From 6b298a1d5dfe11a2db77336459d075821c9ace1d Mon Sep 17 00:00:00 2001
From: Suresh Kumar Anaparti <sureshkumar.anaparti@gmail.com>
Date: Fri, 24 Jan 2025 13:35:47 +0530
Subject: [PATCH 1/5] Updated setup-sysvm-tmplt script without sudo - The cmds
 in this script are allowed for normal (cloudstack service) user when destdir
 is created without sudo

---
 scripts/storage/secondary/setup-sysvm-tmplt | 12 ++++++------
 1 file changed, 6 insertions(+), 6 deletions(-)

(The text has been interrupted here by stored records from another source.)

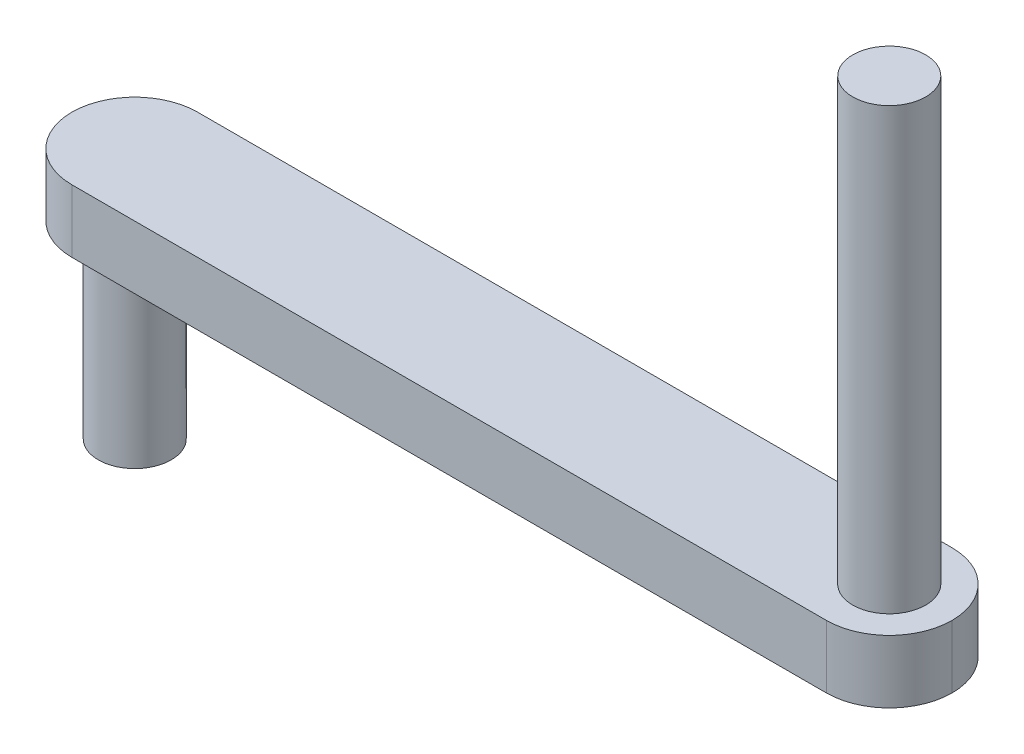
SolidWorks part; units mm, degrees
ref_plane "Front Plane" through (0, 0, 0) normal (0, 0, 1) x (1, 0, 0)
ref_plane "Top Plane" through (0, 0, 0) normal (0, 1, 0) x (1, 0, 0)
ref_plane "Right Plane" through (0, 0, 0) normal (1, 0, 0) x (0, 0, -1)
sketch "Sketch1" plane through (0, 0, 0) normal (0, 1, 0) x (1, 0, 0)
  line L1 (0, 0) -> (70, 0)
  line L2 (0, 0) -> (0, 10)
  line L3 (0, 10) -> (70, 10)
  line L4 (70, 0) -> (70, 10)
  dimension "D1" = 10
  dimension "D2" = 70
extrude "Boss-Extrude1" add sketch "Sketch1" along normal blind 5
fillet "Fillet1" radius 5 4 edges at (70, 2.5, -10) (70, 2.5, 0) (0, 2.5, -10) (0, 2.5, 0)
sketch "Sketch2" plane through (0, 0, 0) normal (0, -1, 0) x (1, 0, 0)
  circle A0 centre (5, -5) radius 2.9
extrude "Boss-Extrude2" add sketch "Sketch2" along normal blind 15
sketch "Sketch3" plane through (0, 5, 0) normal (0, 1, 0) x (1, 0, 0)
  circle A0 centre (65, 5) radius 2.9
extrude "Boss-Extrude3" add sketch "Sketch3" along normal blind 35

diff --git a/scripts/storage/secondary/setup-sysvm-tmplt b/scripts/storage/secondary/setup-sysvm-tmplt
index 8b6566218919..0275ba6260b3 100755
--- a/scripts/storage/secondary/setup-sysvm-tmplt
+++ b/scripts/storage/secondary/setup-sysvm-tmplt
@@ -90,7 +90,7 @@ fi
 localfile=$uuid.$ext
 
 
-sudo mkdir -p $destdir
+mkdir -p $destdir
 if [[ $? -ne 0 ]]; then
   failed 2 "Failed to write to destdir $destdir -- is it mounted?\n"
 fi
@@ -108,7 +108,7 @@ tmpfolder=/tmp/cloud/templates/
 mkdir -p $tmpfolder
 tmplfile=$tmpfolder/$localfile
 
-sudo touch $tmplfile
+touch $tmplfile
 if [[ $? -ne 0 ]]; then
   failed 2 "Failed to create temporary file in directory $tmpfolder -- is it read-only or full?\n"
 fi
@@ -121,7 +121,7 @@ localcap=$(df -P $tmpfolder | awk '{print $4}' | tail -1 )
 
 
 if [[ "$fflag" == "1" ]]; then
-  sudo cp $tmpltimg $tmplfile
+  cp $tmpltimg $tmplfile
   if [[ $? -ne 0 ]]; then
     failed 2 "Failed to create temporary file in directory $tmpfolder -- is it read-only or full?\n"
   fi
@@ -138,7 +138,7 @@ tmpdestdir=$tmpfolder
 if [ "$ext" == "ova" ]
 then
   tar xvf $tmpdestdir/$localfile -C $tmpdestdir &> /dev/null
-  sudo cp $tmpdestdir/*.vmdk $tmpdestdir/*.mf $tmpdestdir/*.ovf $destdir/
+  cp $tmpdestdir/*.vmdk $tmpdestdir/*.mf $tmpdestdir/*.ovf $destdir/
   rm -rf $tmpdestdir/*.vmdk $tmpdestdir/*.mf $tmpdestdir/*.ovf $tmpdestdir/*.ova
 else
   rm -rf $tmpdestdir/*.tmp
@@ -154,7 +154,7 @@ else
 fi
 
 templateId=${destdir##*/}
-sudo touch $destdir/template.properties
+touch $destdir/template.properties
 echo "$ext=true" >> $tmpdestdir/template.properties
 echo "id=$templateId" >> $tmpdestdir/template.properties
 echo "public=true" >> $tmpdestdir/template.properties
@@ -164,7 +164,7 @@ echo "$ext.virtualsize=$vrtmpltsize" >> $tmpdestdir/template.properties
 echo "virtualsize=$vrtmpltsize" >> $tmpdestdir/template.properties
 echo "$ext.size=$tmpltsize" >> $tmpdestdir/template.properties
 
-sudo cp $tmpdestdir/template.properties $destdir/template.properties
+cp $tmpdestdir/template.properties $destdir/template.properties
 if [ -f "$tmpdestdir/template.properties" ]
 then
     rm -rf $tmpdestdir/template.properties

From 0a4e462eaee34135f354b74dc9a1c0ef4cb8b69a Mon Sep 17 00:00:00 2001
From: Suresh Kumar Anaparti <sureshkumar.anaparti@gmail.com>
Date: Mon, 3 Feb 2025 14:11:14 +0530
Subject: [PATCH 2/5] mount/unmount secondary storage without sudo during
 system vm template registration

---
 .../java/com/cloud/upgrade/SystemVmTemplateRegistration.java  | 4 ++--
 1 file changed, 2 insertions(+), 2 deletions(-)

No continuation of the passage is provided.